I'll correct you on this.  I release to both Cygwin and MinGW on the
same day from the same set of sources new versions of w32api.  There may
be a few weeks of differences in the CVS versions between MinGW and
Cygwin but those get merged eventually.

> > From what I've seen, it looks like MinGW support in Cygwin GCC is up-to-date
> > and better than ever before. So, I have no idea what the MinGW web site is
> > referring to. Does anyone from Cygwin agree that MinGW support will be
> > deprecated?
> I hope not. I am going to be studying the responses to this msg for the
> next several days in an attempt to understand WHAT they are talking about
> (argh). I gather that it is mostly about linker scripts which i have never
> understood very well (and to tell the truth, hope i don't have to).
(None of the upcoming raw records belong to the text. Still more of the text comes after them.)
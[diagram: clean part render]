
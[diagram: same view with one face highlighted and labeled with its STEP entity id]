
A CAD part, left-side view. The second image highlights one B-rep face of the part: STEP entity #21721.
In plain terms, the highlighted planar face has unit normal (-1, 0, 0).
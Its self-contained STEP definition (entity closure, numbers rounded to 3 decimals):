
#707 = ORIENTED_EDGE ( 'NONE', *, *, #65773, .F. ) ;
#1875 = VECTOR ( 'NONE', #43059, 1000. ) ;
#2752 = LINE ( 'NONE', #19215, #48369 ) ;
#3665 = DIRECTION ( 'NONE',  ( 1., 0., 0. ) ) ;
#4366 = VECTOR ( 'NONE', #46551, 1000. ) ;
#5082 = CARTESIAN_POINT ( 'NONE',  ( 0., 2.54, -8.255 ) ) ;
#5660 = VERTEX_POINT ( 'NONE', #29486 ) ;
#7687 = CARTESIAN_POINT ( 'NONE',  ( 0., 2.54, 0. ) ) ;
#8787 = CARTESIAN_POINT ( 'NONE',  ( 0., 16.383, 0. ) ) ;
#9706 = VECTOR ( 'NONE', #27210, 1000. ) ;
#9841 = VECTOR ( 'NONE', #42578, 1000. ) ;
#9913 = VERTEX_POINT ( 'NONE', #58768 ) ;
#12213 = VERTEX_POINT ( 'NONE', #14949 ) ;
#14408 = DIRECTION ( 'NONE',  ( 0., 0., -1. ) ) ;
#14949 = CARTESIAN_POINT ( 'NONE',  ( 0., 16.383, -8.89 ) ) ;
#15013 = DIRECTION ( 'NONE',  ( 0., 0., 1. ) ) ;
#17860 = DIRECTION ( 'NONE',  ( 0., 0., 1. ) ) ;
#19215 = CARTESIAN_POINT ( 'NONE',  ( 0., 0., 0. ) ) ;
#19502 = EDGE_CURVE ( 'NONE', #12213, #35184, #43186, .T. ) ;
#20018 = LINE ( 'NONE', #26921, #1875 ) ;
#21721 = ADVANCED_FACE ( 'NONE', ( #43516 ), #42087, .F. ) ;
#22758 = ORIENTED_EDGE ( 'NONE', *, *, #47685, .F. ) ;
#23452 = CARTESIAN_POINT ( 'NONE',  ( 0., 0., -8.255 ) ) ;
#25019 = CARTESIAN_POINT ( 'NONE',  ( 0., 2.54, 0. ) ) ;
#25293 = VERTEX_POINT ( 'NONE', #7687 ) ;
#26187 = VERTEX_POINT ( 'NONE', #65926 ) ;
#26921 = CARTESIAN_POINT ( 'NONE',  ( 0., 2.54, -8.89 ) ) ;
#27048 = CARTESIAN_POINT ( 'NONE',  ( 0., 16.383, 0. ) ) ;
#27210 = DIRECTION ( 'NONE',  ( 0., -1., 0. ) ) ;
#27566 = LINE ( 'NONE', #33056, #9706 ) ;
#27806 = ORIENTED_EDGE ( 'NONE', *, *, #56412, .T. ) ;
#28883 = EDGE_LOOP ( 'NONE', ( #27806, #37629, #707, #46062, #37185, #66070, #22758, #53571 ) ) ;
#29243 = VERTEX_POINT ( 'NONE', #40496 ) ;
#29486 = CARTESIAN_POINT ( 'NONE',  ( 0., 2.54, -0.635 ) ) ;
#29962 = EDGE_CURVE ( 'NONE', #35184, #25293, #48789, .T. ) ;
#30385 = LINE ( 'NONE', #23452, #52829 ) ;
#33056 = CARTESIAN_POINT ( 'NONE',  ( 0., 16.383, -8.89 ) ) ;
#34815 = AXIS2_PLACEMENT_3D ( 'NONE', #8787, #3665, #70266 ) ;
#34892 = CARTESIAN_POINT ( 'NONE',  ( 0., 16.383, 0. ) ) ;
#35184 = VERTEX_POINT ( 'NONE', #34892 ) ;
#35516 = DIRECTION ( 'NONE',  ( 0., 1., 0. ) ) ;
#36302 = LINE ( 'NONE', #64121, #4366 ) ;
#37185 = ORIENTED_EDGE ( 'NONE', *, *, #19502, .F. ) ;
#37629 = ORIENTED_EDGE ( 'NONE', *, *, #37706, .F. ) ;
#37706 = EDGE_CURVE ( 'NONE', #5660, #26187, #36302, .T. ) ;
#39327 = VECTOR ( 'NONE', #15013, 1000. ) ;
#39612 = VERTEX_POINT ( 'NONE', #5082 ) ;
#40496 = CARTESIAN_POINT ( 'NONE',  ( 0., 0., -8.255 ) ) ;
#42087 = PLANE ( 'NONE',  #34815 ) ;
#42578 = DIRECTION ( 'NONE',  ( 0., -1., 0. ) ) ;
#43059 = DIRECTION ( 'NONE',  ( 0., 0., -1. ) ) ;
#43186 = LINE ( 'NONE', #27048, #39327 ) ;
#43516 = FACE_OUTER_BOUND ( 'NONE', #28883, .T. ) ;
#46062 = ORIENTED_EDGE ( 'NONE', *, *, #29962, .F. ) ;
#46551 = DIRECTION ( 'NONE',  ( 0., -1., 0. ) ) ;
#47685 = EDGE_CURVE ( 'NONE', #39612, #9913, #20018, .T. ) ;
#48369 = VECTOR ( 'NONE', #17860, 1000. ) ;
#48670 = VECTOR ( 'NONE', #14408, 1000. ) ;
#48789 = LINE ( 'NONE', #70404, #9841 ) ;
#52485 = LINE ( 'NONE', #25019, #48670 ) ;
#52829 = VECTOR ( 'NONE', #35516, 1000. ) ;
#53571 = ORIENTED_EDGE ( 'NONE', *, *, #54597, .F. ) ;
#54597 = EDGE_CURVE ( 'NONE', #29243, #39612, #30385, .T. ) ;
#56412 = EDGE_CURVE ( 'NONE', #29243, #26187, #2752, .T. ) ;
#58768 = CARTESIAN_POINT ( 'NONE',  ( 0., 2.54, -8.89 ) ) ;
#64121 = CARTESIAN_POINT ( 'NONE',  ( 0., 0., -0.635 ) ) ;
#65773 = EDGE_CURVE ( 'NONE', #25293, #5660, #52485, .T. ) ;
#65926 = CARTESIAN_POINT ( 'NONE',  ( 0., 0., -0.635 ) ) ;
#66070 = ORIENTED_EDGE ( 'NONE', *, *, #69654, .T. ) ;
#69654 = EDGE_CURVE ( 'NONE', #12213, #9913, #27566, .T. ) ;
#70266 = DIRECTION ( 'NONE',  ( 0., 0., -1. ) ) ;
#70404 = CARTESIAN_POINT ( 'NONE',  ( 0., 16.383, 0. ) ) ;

Be sure you research all the archives in all the lists including the
MinGW list.  I don't think it has to do anything at all with "linker

> > I, personally, find it much better to build MinGW binaries with Cygwin GCC.
> > In my work, I often build projects with shell scripts. Using the Cygwin bash
> > shell is the easiest (if not, the only) way to interpret these shell
> > scripts. Many times, shell scripts create symbolic links and specify them to
> > compiler tools as parameters. Only a Cygwin binary can interpret these
> > symbolic links. If a symbolic link were specified as a parameter to a MinGW
> > compiler tool, it would fail. Thus, I fail to see how MinGW GCC over Cygwin
> > is a better solution than MinGW support provided by Cygwin GCC.
> That makes sense to me.
> > While I do think Cygwin GCC currently does a great job of supporting MinGW,
> > I do have a few issues with it:
> {snip details}
> Hopefully this can all get resolved peacefully and harmoniously. The one
> thing I hope is that the
> collective attitudes at minGW never get to the point where people "over
> there" (some of whom are also "people over here") have forgotten the debt
> of appreciation they owe to cygwin, for being the historical predecessor
> and "host" that allowed them to come into existence, if for nothing else.